My LO is 17 months he seems to have started waking in the night for some reason, I'm not sure whether it's a regression or if there's a reason he's waking up..Usually if I get him a small drink of water he'll go straight back to sleep. He's not long got over hand foot and mouth though that he was really poorly with and waking up all night every night so maybe he's just got himself out of his routine a little I've no idea :shrug: I'm just hoping it gets better my 3 year old still wakes me up in the night too :dohh: x


----------



## A43

Im hopefully coming to the end of this... Its been a month.. Does coincide with a growth and development spurt! X


----------



## XJessicaX

yes, we had 3 or 4 days of nightly wakings around 16/17 months when LO's speech suddenly exploded and she went from saying 15 or so words to about 50. Usually a 3am waking where she would just start talking and it was very difficult to settle her as she would just be looking around the room and saying "look LOOK, duck! a CAR, the bus...LOOK, butterfly BUTTERFLY, oh noooo, oh dear, dada, look, meow! yay!!!"

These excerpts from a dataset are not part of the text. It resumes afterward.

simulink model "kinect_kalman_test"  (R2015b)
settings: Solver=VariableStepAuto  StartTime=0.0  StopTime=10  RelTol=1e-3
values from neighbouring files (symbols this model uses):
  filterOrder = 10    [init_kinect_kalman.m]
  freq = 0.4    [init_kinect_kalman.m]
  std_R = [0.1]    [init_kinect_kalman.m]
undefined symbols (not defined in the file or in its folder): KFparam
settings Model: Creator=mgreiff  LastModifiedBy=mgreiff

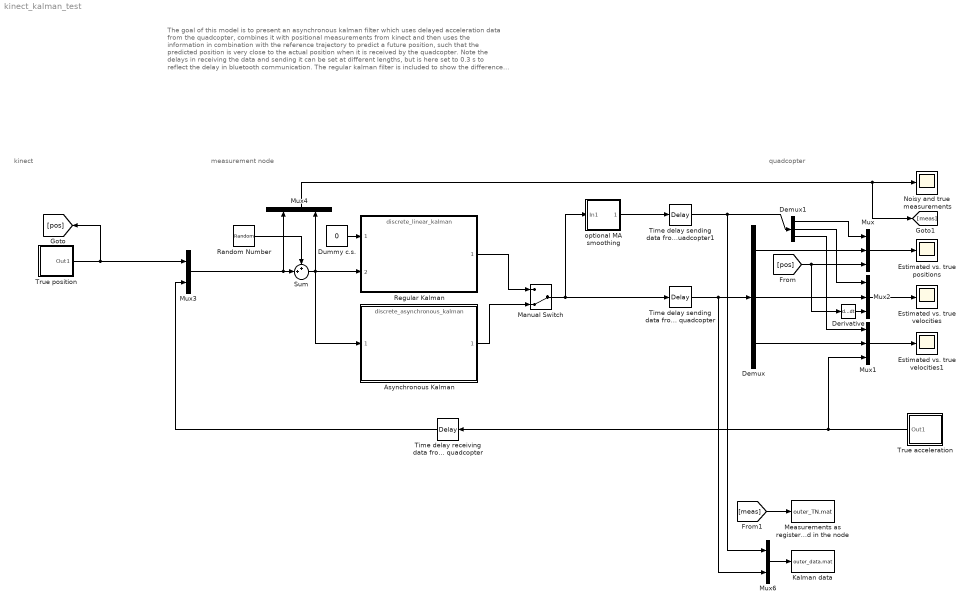
== system kinect_kalman_test ==
  note: The goal of this model is to present an asynchronous kalman filter which uses delayed
      | acceleration data from the quadcopter, combines it with positional measurements from
      | kinect and then uses the information in combination with the reference trajectory to predict
      | a future position, such that the predicted position is very close to the actual position when it
      | is received by the quadcopter. Note the delays in receiving the data and sending it can be
      | set at different lengths, but is here set to 0.3 s to reflect the delay in bluetooth communication.
      | The regular kalman filter is included to show the difference in filtering.
  note: kinect
  note: quadcopter
  note: measurement node
  Asynchronous Kalman : ModelReference  ModelNameDialog=discrete_asynchronous_kalman.slx  SimulationMode=Normal  ModelReferenceVersion=1.92  CopyOfModelName=discrete_asynchronous_kalman.slx
  Demux : Demux  Outputs=[1,1,1]
  Demux1 : Demux  Outputs=[1,1,1]
  Derivative : Derivative
  Dummy c.s. : Constant  Value=0
  Estimated vs. true positions : Scope
  Estimated vs. true velocities : Scope
  Estimated vs. true velocities1 : Scope
  Kalman data : ToFile  Filename=outer_data.mat  MatrixName=AKF  SaveFormat=Timeseries
  Manual Switch : ManualSwitch  CurrentSetting=0
  Measurements as registered in the node : ToFile  Filename=outer_TN.mat  MatrixName=TN  SaveFormat=Timeseries
  Mux : Mux  Inputs=3
  Mux1 : Mux  Inputs=3
  Mux2 : Mux  Inputs=3
  Mux3 : Mux  Inputs=2
  Mux4 : Mux  Inputs=2
  Mux6 : Mux  Inputs=2
  Noisy and true measurements : Scope
  Random Number : RandomNumber  Mean=std_R.*0  Variance=std_R.^2  SampleTime=KFparam.h
  Regular Kalman : ModelReference  ModelNameDialog=discrete_linear_kalman.slx  SimulationMode=Normal  ModelReferenceVersion=1.90  CopyOfModelName=discrete_linear_kalman.slx
  Sum : Sum  Inputs=++|
  Time delay receiving data from quadcopter : TransportDelay  DelayTime=KFparam.recDelay
  Time delay sending data from quadcopter : TransportDelay  DelayTime=KFparam.sendDelay
  Time delay sending data from quadcopter1 : TransportDelay  DelayTime=KFparam.sendDelay
  True acceleration : Subsystem
  True position : Subsystem
  optional MA smoothing : Subsystem
  wires:
  Dummy c.s./1 -> Regular Kalman/1
  Mux/1 -> Estimated vs. true positions/1
  Sum/1 -> Asynchronous Kalman/1, Regular Kalman/2, Mux4/2
  Random Number/1 -> Sum/1
  Mux1/1 -> Estimated vs. true velocities1/1
  Demux/3 -> Mux1/2
  Demux/1 -> Mux/2
  Demux/2 -> Mux2/2
  Demux1/1 -> Mux/1
  Mux2/1 -> Estimated vs. true velocities/1
  Demux1/2 -> Mux2/1
  Demux1/3 -> Mux1/1
  Mux3/1 -> Sum/2, Mux4/1
  Mux4/1 -> [meas], Noisy and true measurements/1
  True acceleration/1(Out1) -> Time delay receiving data from quadcopter/1, Mux1/3
  [pos] -> Derivative/1, Mux/3
  Derivative/1 -> Mux2/3
  optional MA smoothing/1(Out1) -> Time delay sending data from quadcopter1/1
  Asynchronous Kalman/1 -> Manual Switch/2
  Manual Switch/1 -> optional MA smoothing/1(In1), Time delay sending data from quadcopter/1
  Time delay sending data from quadcopter1/1 -> Mux6/1, Demux1/1
  True position/1(Out1) -> Mux3/1, [pos]
  Regular Kalman/1 -> Manual Switch/1
  Mux6/1 -> Kalman data/1
  Time delay sending data from quadcopter/1 -> Mux6/2, Demux/1
  [meas] -> Measurements as registered in the node/1
  Time delay receiving data from quadcopter/1 -> Mux3/2

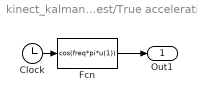
== system kinect_kalman_test/True acceleration ==
  Clock : Clock
  Fcn : Fcn  Expr=cos(freq*pi*u(1))
  Out1 : Outport
  wires:
  Fcn/1 -> Out1/1
  Clock/1 -> Fcn/1

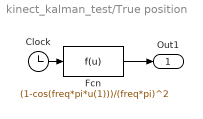
== system kinect_kalman_test/True position ==
  Clock : Clock
  Fcn : Fcn  Expr=(1-cos(freq*pi*u(1)))/(freq*pi)^2
  Out1 : Outport
  wires:
  Fcn/1 -> Out1/1
  Clock/1 -> Fcn/1

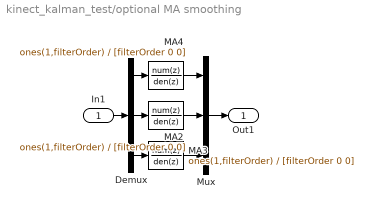
== system kinect_kalman_test/optional MA smoothing ==
  In1 : Inport
  Demux : Demux  Outputs=3
  MA2 : DiscreteFilter  Numerator=ones(1,filterOrder)  Denominator=[filterOrder 0 0]
  MA3 : DiscreteFilter  Numerator=ones(1,filterOrder)  Denominator=[filterOrder 0 0]
  MA4 : DiscreteFilter  Numerator=ones(1,filterOrder)  Denominator=[filterOrder 0 0]
  Mux : Mux  Inputs=3
  Out1 : Outport
  wires:
  Demux/3 -> MA3/1
  Demux/2 -> MA2/1
  Demux/1 -> MA4/1
  MA4/1 -> Mux/1
  MA2/1 -> Mux/2
  MA3/1 -> Mux/3
  Mux/1 -> Out1/1
  In1/1 -> Demux/1

She sounded nuts but it was amusing!


----------



## Cattia

I started a thread about this just the other day. We have been going through this with George. He is 18 months and has increased his vocabulary from 30 words to about 70 in the past three weeks. He has been awake for hours in the night talking and talking and wants us to sit with him. We have had two nights in a row now where he has slept through so I am hoping we're coming to the end of it.


----------



## CarlyP

Yep! DD started not sttn around this age and is still like it.

She has a cough at the minute which is keeping her up but she usually sleeps through on a normal week about twice a week, I am exhausted!!!


----------



## Ozzieshunni

He was fine sleeping last night, but damn if it wasn't hard getting him to go to sleep (we ended up asleep around midnight). His loose routine has gone to pot as well, lol. I suppose it's just another thing to ride out.


----------



## mommyof3co

Thankfully Preston is sleeping really well right now (almost 18mo). But the things you mentioned definitely could be causing issues..having just been sick and learning new things. Hope it gets better soon!!!


----------



## RebeccaG

Omg ozzieshunni!! My son has learnt hiya and also seems to have gone from sleeping so well to terrible! 
I had thought it was teething, nightmares or he had mmr jab couple of weeks ago and also has a cold and burnt his thumb ( woah long list!) but perhaps it's more developmental?! He is coming out with lots of words at the moment and pointing at things or bring me things saying 'this?' 
Just hoping it passes soon as I've got too used to a goodnight sleep. Last night we were up 4 times.


----------